Each team must develop a plan for access to the equipment they require. This will be discussed extensively in class to provide guidance regarding access to campus resources when possible for campus students in Boulder. However U.S.-based distance students must provide their own assembly method and test equipment locally. Note: This also applies to Boulder campus students who plan to be in Boulder only for a portion of the term.
This course will cover the design requirements and considerations for developing low power RF devices such as Internet of Things control and sensor nodes. To complete the project, power supply simulation, board layout, and project management techniques will be taught. At the end of the course, each student will have completed a complete battery powered RF device from design concept to completed board.
Timeline management
Microcontroller selection
RF radio selection
Battery selection
Embedded Power supply design and simulation
Printed circuit board inverted F antenna design
Proper passive selection to match reliability of end application
Maximizing power out of low current battery technologies
Load power management
Printed circuit board layout
Printed circuit board assembly
Board bring up
Test and verification
Introduction to application development
Professional skills to become a high performing engineer
Course materials include textbooks, papers, lecture slides, project guides, and other online materials.
Required reading:
“The Unwritten Laws of Engineering,” by James G. Skakoon and original by W.J. King ISBN: 9780791801628
Recommended reading:
“Bluetooth Low Energy,” by Robin Heydon, ISBN: 9780132888363
Course website
Course lecture slides posted weekly on Canvas
Course labs and project material posted weekly on Canvas
Other online materials
The course grade will be based on in-class participation, homework assignments, quizzes, course project, and a final exams.
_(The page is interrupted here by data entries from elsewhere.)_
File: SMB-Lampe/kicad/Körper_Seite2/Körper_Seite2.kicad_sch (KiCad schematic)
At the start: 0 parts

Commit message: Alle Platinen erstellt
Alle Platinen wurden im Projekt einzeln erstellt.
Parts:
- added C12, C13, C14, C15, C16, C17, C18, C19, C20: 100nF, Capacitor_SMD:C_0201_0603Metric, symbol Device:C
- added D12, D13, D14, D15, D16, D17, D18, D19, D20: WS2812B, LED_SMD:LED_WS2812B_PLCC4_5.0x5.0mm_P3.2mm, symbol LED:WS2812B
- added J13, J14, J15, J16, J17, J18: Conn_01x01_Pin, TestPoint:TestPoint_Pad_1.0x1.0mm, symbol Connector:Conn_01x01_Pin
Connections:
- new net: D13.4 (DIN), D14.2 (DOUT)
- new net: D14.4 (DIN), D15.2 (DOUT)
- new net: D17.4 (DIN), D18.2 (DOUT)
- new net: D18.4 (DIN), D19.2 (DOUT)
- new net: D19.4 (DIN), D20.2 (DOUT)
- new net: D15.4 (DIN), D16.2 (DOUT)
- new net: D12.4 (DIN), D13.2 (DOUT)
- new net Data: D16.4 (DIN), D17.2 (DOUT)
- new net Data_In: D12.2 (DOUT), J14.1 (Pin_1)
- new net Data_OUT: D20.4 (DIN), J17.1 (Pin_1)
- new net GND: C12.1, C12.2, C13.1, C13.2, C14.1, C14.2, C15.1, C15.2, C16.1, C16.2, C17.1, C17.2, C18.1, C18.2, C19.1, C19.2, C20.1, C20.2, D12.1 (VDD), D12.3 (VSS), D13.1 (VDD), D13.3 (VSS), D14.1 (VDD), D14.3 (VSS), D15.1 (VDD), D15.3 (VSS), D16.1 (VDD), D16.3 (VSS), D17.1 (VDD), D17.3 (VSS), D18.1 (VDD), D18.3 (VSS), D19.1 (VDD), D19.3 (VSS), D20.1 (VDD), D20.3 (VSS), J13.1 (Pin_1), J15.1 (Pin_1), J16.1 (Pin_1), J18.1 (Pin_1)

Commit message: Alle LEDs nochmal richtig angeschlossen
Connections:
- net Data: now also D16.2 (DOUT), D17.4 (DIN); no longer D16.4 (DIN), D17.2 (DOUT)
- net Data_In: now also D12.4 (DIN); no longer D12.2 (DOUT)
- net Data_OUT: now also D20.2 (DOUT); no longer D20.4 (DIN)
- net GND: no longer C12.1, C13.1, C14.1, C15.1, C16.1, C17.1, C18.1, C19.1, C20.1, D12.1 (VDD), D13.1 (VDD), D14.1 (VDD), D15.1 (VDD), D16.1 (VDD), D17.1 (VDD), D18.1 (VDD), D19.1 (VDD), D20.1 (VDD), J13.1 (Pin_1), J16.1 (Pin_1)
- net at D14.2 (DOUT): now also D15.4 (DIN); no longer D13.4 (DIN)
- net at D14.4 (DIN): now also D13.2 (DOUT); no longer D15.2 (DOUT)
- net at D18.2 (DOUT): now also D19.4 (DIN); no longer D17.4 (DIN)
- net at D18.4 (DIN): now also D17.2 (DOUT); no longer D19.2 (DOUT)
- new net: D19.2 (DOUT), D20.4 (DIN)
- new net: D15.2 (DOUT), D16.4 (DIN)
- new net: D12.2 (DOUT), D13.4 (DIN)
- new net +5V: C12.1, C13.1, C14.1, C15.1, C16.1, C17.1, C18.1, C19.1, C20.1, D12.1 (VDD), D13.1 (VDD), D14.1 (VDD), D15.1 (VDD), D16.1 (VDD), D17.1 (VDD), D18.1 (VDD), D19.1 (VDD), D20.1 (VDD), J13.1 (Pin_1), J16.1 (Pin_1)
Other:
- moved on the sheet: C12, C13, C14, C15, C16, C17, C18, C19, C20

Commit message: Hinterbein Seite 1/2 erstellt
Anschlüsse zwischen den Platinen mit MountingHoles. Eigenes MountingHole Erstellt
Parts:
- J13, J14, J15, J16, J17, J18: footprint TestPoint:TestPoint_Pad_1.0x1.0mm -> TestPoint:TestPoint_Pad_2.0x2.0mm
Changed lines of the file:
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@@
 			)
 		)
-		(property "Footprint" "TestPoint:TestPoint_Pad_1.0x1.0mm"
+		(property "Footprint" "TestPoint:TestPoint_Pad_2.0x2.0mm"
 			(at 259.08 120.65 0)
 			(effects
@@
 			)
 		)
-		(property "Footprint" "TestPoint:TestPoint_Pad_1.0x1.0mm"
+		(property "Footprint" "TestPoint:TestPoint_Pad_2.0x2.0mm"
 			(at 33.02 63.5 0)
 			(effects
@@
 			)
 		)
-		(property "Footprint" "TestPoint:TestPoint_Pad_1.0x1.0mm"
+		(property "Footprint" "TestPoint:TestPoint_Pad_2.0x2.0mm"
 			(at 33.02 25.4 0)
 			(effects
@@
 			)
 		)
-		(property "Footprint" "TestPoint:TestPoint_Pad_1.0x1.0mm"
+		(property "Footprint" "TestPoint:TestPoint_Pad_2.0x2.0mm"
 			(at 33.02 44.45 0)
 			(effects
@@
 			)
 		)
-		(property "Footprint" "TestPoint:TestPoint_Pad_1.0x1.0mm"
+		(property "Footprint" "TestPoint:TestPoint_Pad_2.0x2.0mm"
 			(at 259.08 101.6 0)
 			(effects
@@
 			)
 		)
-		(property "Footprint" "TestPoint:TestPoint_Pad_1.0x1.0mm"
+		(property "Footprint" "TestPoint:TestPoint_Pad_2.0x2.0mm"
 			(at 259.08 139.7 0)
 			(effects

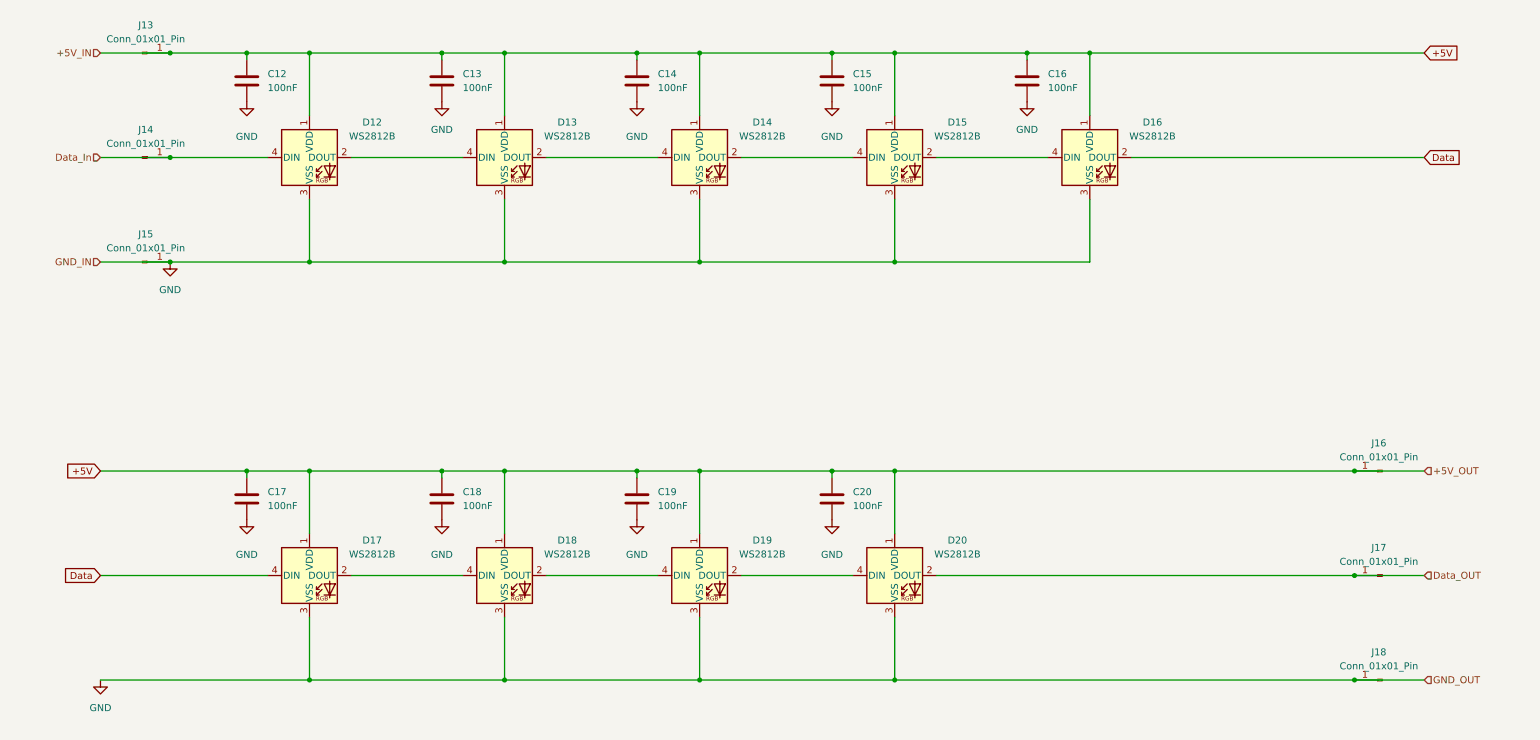
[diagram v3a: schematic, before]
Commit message: Vorderseite Platine Körper Seite 1 fertig
zwei GND Verbindungen fehlen noch
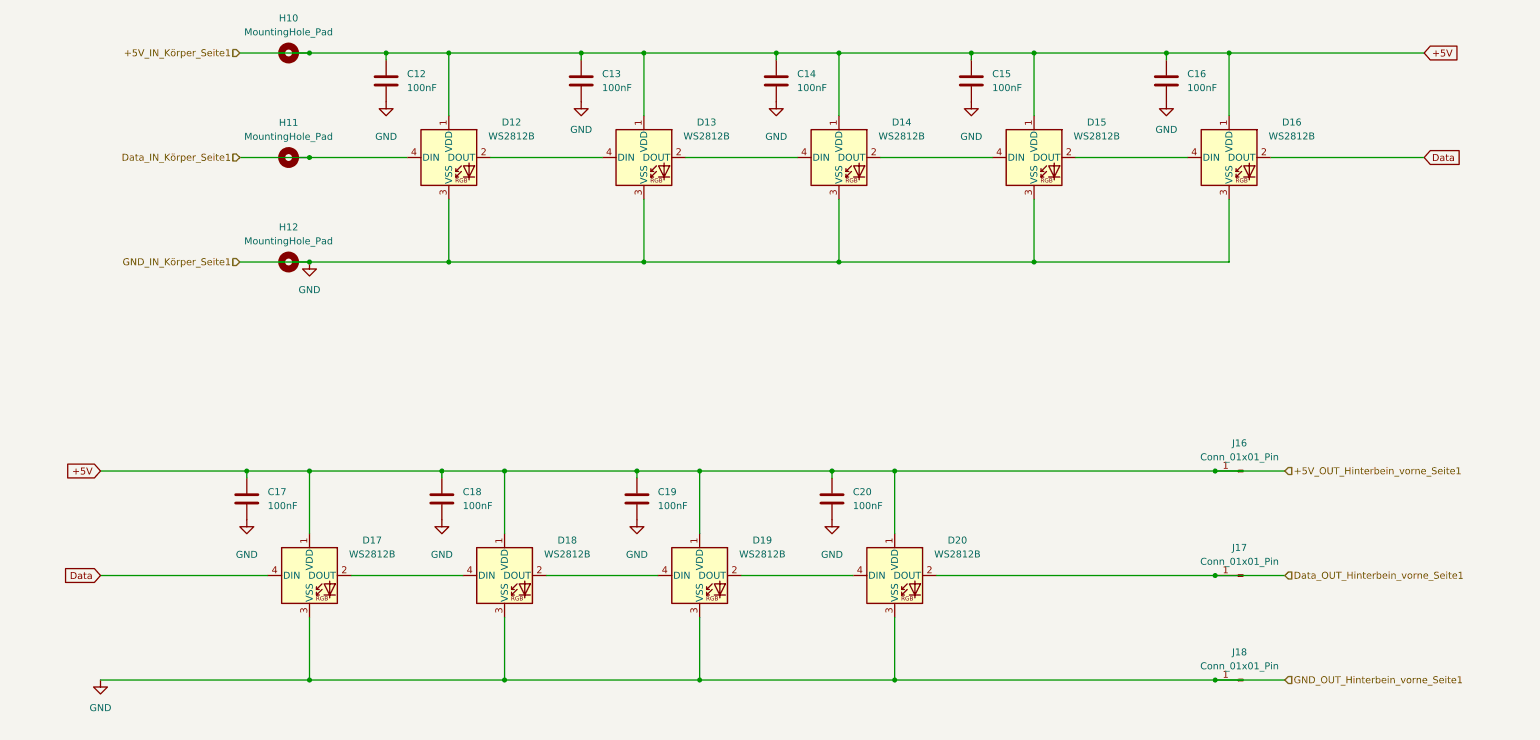
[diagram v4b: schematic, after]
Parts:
- removed J13, J14, J15: Conn_01x01_Pin, TestPoint:TestPoint_Pad_2.0x2.0mm, symbol Connector:Conn_01x01_Pin
- added H10, H11, H12: MountingHole_Pad, symbol Mechanical:MountingHole_Pad
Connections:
- net +5V: now also H10.1
- net GND: now also H12.1
- net Data_In renamed Data_IN_Körper_Seite1
- net Data_IN_Körper_Seite1: now also H11.1
- net Data_OUT renamed Data_OUT_Hinterbein_vorne_Seite1
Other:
- moved on the sheet: C12, C13, C14, C15, C16, D12, D13, D14, D15, D16, J16, J17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

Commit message: Körper mit Vorder und Rückseite fertig
Alle Leiterbahnen sind gelegt und Verbindungen zu den anderen Platinen platziert
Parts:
- added H2, H3, H6, H7: MountingHole_Pad, Eigenen_Library:MountingHole D2 x d1 test, symbol Mechanical:MountingHole_Pad
- H1: renamed from H10; footprint (none) -> Eigenen_Library:MountingHole D2 x d1 test
- H4: renamed from H11; footprint (none) -> Eigenen_Library:MountingHole D2 x d1 test
- H5: renamed from H12; footprint (none) -> Eigenen_Library:MountingHole D2 x d1 test
- renumbered C12 to C1, C13 to C2, C14 to C3, C15 to C4, C16 to C5, C17 to C6, C18 to C7, C19 to C8, C20 to C9, D12 to D1, D13 to D2, D14 to D3, D15 to D4, D16 to D5, D17 to D6, D18 to D7, D19 to D8, D20 to D9, J16 to J1, J17 to J2, J18 to J3
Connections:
- net +5V: now also H2.1, H3.1
- net GND: now also H6.1, H7.1
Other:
- note added: "+5V für LED 2-4,9 Seite 2"
- note added: "+5V für LED 5-8 Seite 2"
- note added: "GND für LED 5-8 Seite 2"
- note added: "GND für LED 5-8 Seite1"
- moved on the sheet: C1, C2, C3, C4, C5, D1, D2, D3, D4, D5, H1, H4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

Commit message: Vorderes Hinterbein fertig
Alle Platinen sind fertig beschaltet
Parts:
- renumbered C1 to C12, C2 to C13, C3 to C14, C4 to C15, C5 to C16, C6 to C17, C7 to C18, C8 to C19, C9 to C20, D1 to D12, D2 to D13, D3 to D14, D4 to D15, D5 to D16, D6 to D17, D7 to D18, D8 to D19, D9 to D20, H1 to H10, H4 to H11, H5 to H12, H2 to H14, H7 to H17, H3 to H19, H6 to H20, J1 to J16, J2 to J17, J3 to J18
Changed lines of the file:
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@@
 		(on_board yes)
 		(dnp no)
-		(property "Reference" "H6"
+		(property "Reference" "H20"
 			(at 49.276 80.01 90)
 			(effects
@@
 		(on_board yes)
 		(dnp no)
-		(property "Reference" "H4"
+		(property "Reference" "H11"
 			(at 59.944 60.706 90)
 			(effects
@@
 		(on_board yes)
 		(dnp no)
-		(property "Reference" "D3"
+		(property "Reference" "D14"
 			(at 171.45 50.7298 0)
 			(effects
@@
 		(on_board yes)
 		(dnp no)
-		(property "Reference" "H3"
+		(property "Reference" "H19"
 			(at 49.276 46.99 90)
 			(effects
@@
 		(on_board yes)
 		(dnp no)
-		(property "Reference" "#PWR0103"
+		(property "Reference" "#PWR025"
 			(at 123.19 116.84 0)
 			(effects
@@
 		(dnp no)
 		(fields_autoplaced yes)
-		(property "Reference" "#PWR0101"
+		(property "Reference" "#PWR021"
 			(at 219.71 53.34 0)
 			(effects
@@
 		(dnp no)
 		(fields_autoplaced yes)
-		(property "Reference" "C4"
+		(property "Reference" "C15"
 			(at 187.96 41.9099 0)
 			(effects
@@
 		(dnp no)
 		(fields_autoplaced yes)
-		(property "Reference" "J2"
+		(property "Reference" "J17"
 			(at 233.045 115.57 0)
 			(effects
@@
 		(dnp no)
 		(fields_autoplaced yes)
-		(property "Reference" "C2"
+		(property "Reference" "C13"
 			(at 116.84 41.9099 0)
 			(effects
@@
 		(on_board yes)
 		(dnp no)
-		(property "Reference" "D6"
+		(property "Reference" "D17"
 			(at 74.93 114.2298 0)
 			(effects
@@
 		(on_board yes)
 		(dnp no)
-		(property "Reference" "#PWR0105"
+		(property "Reference" "#PWR019"
 			(at 148.59 53.34 0)
 			(effects
@@
 		(on_board yes)
 		(dnp no)
-		(property "Reference" "D7"
+		(property "Reference" "D18"
 			(at 110.49 114.2298 0)
 			(effects
@@
 		(dnp no)
 		(fields_autoplaced yes)
-		(property "Reference" "C1"
+		(property "Reference" "C12"
 			(at 81.28 41.9099 0)
 			(effects
@@
 		(dnp no)
 		(fields_autoplaced yes)
-		(property "Reference" "#PWR0108"
+		(property "Reference" "#PWR022"
 			(at 88.9 82.55 0)
 			(effects
@@
 		(on_board yes)
 		(dnp no)
-		(property "Reference" "#PWR0104"
+		(property "Reference" "#PWR017"
 			(at 77.47 53.34 0)
 			(effects
@@
 		(on_board yes)
 		(dnp no)
-		(property "Reference" "H2"
+		(property "Reference" "H14"
 			(at 49.276 41.91 90)
 			(effects
@@
 		(on_board yes)
 		(dnp no)
-		(property "Reference" "D8"
+		(property "Reference" "D19"
 			(at 146.05 114.2298 0)
 			(effects
@@
 		(dnp no)
 		(fields_autoplaced yes)
-		(property "Reference" "C7"
+		(property "Reference" "C18"
 			(at 91.44 105.4099 0)
 			(effects
@@
 		(dnp no)
 		(fields_autoplaced yes)
-		(property "Reference" "H1"
+		(property "Reference" "H10"
 			(at 59.69 31.75 90)
 			(effects
@@
 		(dnp no)
 		(fields_autoplaced yes)
-		(property "Reference" "J1"
+		(property "Reference" "J16"
 			(at 233.045 96.52 0)
 			(effects
@@
 		(on_board yes)
 		(dnp no)
-		(property "Reference" "#PWR0111"
+		(property "Reference" "#PWR023"
 			(at 52.07 116.84 0)
 			(effects
@@
 		(on_board yes)
 		(dnp no)
-		(property "Reference" "#PWR0106"
+		(property "Reference" "#PWR020"
 			(at 184.15 53.34 0)
 			(effects
@@
 		(on_board yes)
 		(dnp no)
-		(property "Reference" "D9"
+		(property "Reference" "D20"
 			(at 181.61 114.2298 0)
 			(effects
@@
 		(on_board yes)
 		(dnp no)
-		(property "Reference" "D4"
+		(property "Reference" "D15"
 			(at 207.01 50.7298 0)
 			(effects
@@
 		(dnp no)
 		(fields_autoplaced yes)
-		(property "Reference" "C5"
+		(property "Reference" "C16"
 			(at 223.52 41.9099 0)
 			(effects
@@
 		(on_board yes)
 		(dnp no)
-		(property "Reference" "H7"
+		(property "Reference" "H17"
 			(at 234.95 143.5099 90)
 			(effects
@@
 		(on_board yes)
 		(dnp no)
-		(property "Reference" "D2"
+		(property "Reference" "D13"
 			(at 135.89 50.7298 0)
 			(effects
@@
 		(on_board yes)
 		(dnp no)
-		(property "Reference" "#PWR0110"
+		(property "Reference" "#PWR024"
 			(at 87.63 116.84 0)
 			(effects
@@
 		(on_board yes)
 		(dnp no)
-		(property "Reference" "D5"
+		(property "Reference" "D16"
 			(at 242.57 50.7298 0)
 			(effects
@@
 		(on_board yes)
 		(dnp no)
-		(property "Reference" "#PWR0107"
+		(property "Reference" "#PWR026"
 			(at 158.75 116.84 0)
 			(effects
@@
 		(dnp no)
 		(fields_autoplaced yes)
-		(property "Reference" "#PWR0102"
+		(property "Reference" "#PWR018"
 			(at 113.03 53.34 0)
 			(effects
@@
 		(dnp no)
 		(fields_autoplaced yes)
-		(property "Reference" "C6"
+		(property "Reference" "C17"
 			(at 55.88 105.4099 0)
 			(effects
@@
 		(dnp no)
 		(fields_autoplaced yes)
-		(property "Reference" "C8"
+		(property "Reference" "C19"
 			(at 127 105.4099 0)
 			(effects
@@
 		(dnp no)
 		(fields_autoplaced yes)
-		(property "Reference" "#PWR0109"
+		(property "Reference" "#PWR027"
 			(at 25.4 146.05 0)
 			(effects
@@
 		(dnp no)
 		(fields_autoplaced yes)
-		(property "Reference" "J3"
+		(property "Reference" "J18"
 			(at 233.045 134.62 0)
 			(effects
@@
 		(dnp no)
 		(fields_autoplaced yes)
-		(property "Reference" "C9"
+		(property "Reference" "C20"
 			(at 162.56 105.4099 0)
 			(effects
@@
 		(dnp no)
 		(fields_autoplaced yes)
-		(property "Reference" "C3"
+		(property "Reference" "C14"
 			(at 152.4 41.9099 0)
 			(effects
@@
 		(on_board yes)
 		(dnp no)
-		(property "Reference" "D1"
+		(property "Reference" "D12"
 			(at 100.33 50.7298 0)
 			(effects
@@
 		(dnp no)
 		(fields_autoplaced yes)
-		(property "Reference" "H5"
+		(property "Reference" "H12"
 			(at 59.69 69.85 90)
 			(effects

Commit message: Hinterbeine Geändert teilweiße Körper
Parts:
- C12, C13, C14, C15, C16, C17, C18, C19, C20: footprint Capacitor_SMD:C_0201_0603Metric -> Capacitor_SMD:C_0603_1608Metric_Pad1.08x0.95mm_HandSolder
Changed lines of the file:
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@@
 			)
 		)
-		(property "Footprint" "Capacitor_SMD:C_0201_0603Metric"
+		(property "Footprint" "Capacitor_SMD:C_0603_1608Metric_Pad1.08x0.95mm_HandSolder"
 			(at 185.1152 46.99 0)
 			(effects
@@
 			)
 		)
-		(property "Footprint" "Capacitor_SMD:C_0201_0603Metric"
+		(property "Footprint" "Capacitor_SMD:C_0603_1608Metric_Pad1.08x0.95mm_HandSolder"
 			(at 113.9952 46.99 0)
 			(effects
@@
 			)
 		)
-		(property "Footprint" "Capacitor_SMD:C_0201_0603Metric"
+		(property "Footprint" "Capacitor_SMD:C_0603_1608Metric_Pad1.08x0.95mm_HandSolder"
 			(at 78.4352 46.99 0)
 			(effects
@@
 			)
 		)
-		(property "Footprint" "Capacitor_SMD:C_0201_0603Metric"
+		(property "Footprint" "Capacitor_SMD:C_0603_1608Metric_Pad1.08x0.95mm_HandSolder"
 			(at 88.5952 110.49 0)
 			(effects
@@
 			)
 		)
-		(property "Footprint" "Capacitor_SMD:C_0201_0603Metric"
+		(property "Footprint" "Capacitor_SMD:C_0603_1608Metric_Pad1.08x0.95mm_HandSolder"
 			(at 220.6752 46.99 0)
 			(effects
@@
 			)
 		)
-		(property "Footprint" "Capacitor_SMD:C_0201_0603Metric"
+		(property "Footprint" "Capacitor_SMD:C_0603_1608Metric_Pad1.08x0.95mm_HandSolder"
 			(at 53.0352 110.49 0)
 			(effects
@@
 			)
 		)
-		(property "Footprint" "Capacitor_SMD:C_0201_0603Metric"
+		(property "Footprint" "Capacitor_SMD:C_0603_1608Metric_Pad1.08x0.95mm_HandSolder"
 			(at 124.1552 110.49 0)
 			(effects
@@
 			)
 		)
-		(property "Footprint" "Capacitor_SMD:C_0201_0603Metric"
+		(property "Footprint" "Capacitor_SMD:C_0603_1608Metric_Pad1.08x0.95mm_HandSolder"
 			(at 159.7152 110.49 0)
 			(effects
@@
 			)
 		)
-		(property "Footprint" "Capacitor_SMD:C_0201_0603Metric"
+		(property "Footprint" "Capacitor_SMD:C_0603_1608Metric_Pad1.08x0.95mm_HandSolder"
 			(at 149.5552 46.99 0)
 			(effects

The grade proportions are as follows:
Attendance and Class Participation 10%
Homework Assignments and Class Participation 20%
Course projects 50%
Quizzes 10%
Mid-Term Exam 5%
Final Exam 5%
A complete description of the honor code can be found here .
To summarize: "Violations of the Honor Code are acts of academic dishonesty and include but are not limited to plagiarism, cheating, fabrication, aid of academic dishonesty, lying to course instructors, lying to representatives of the Honor Code, bribery or threats pertaining to academic matters, or an attempt to do any of the aforementioned violations."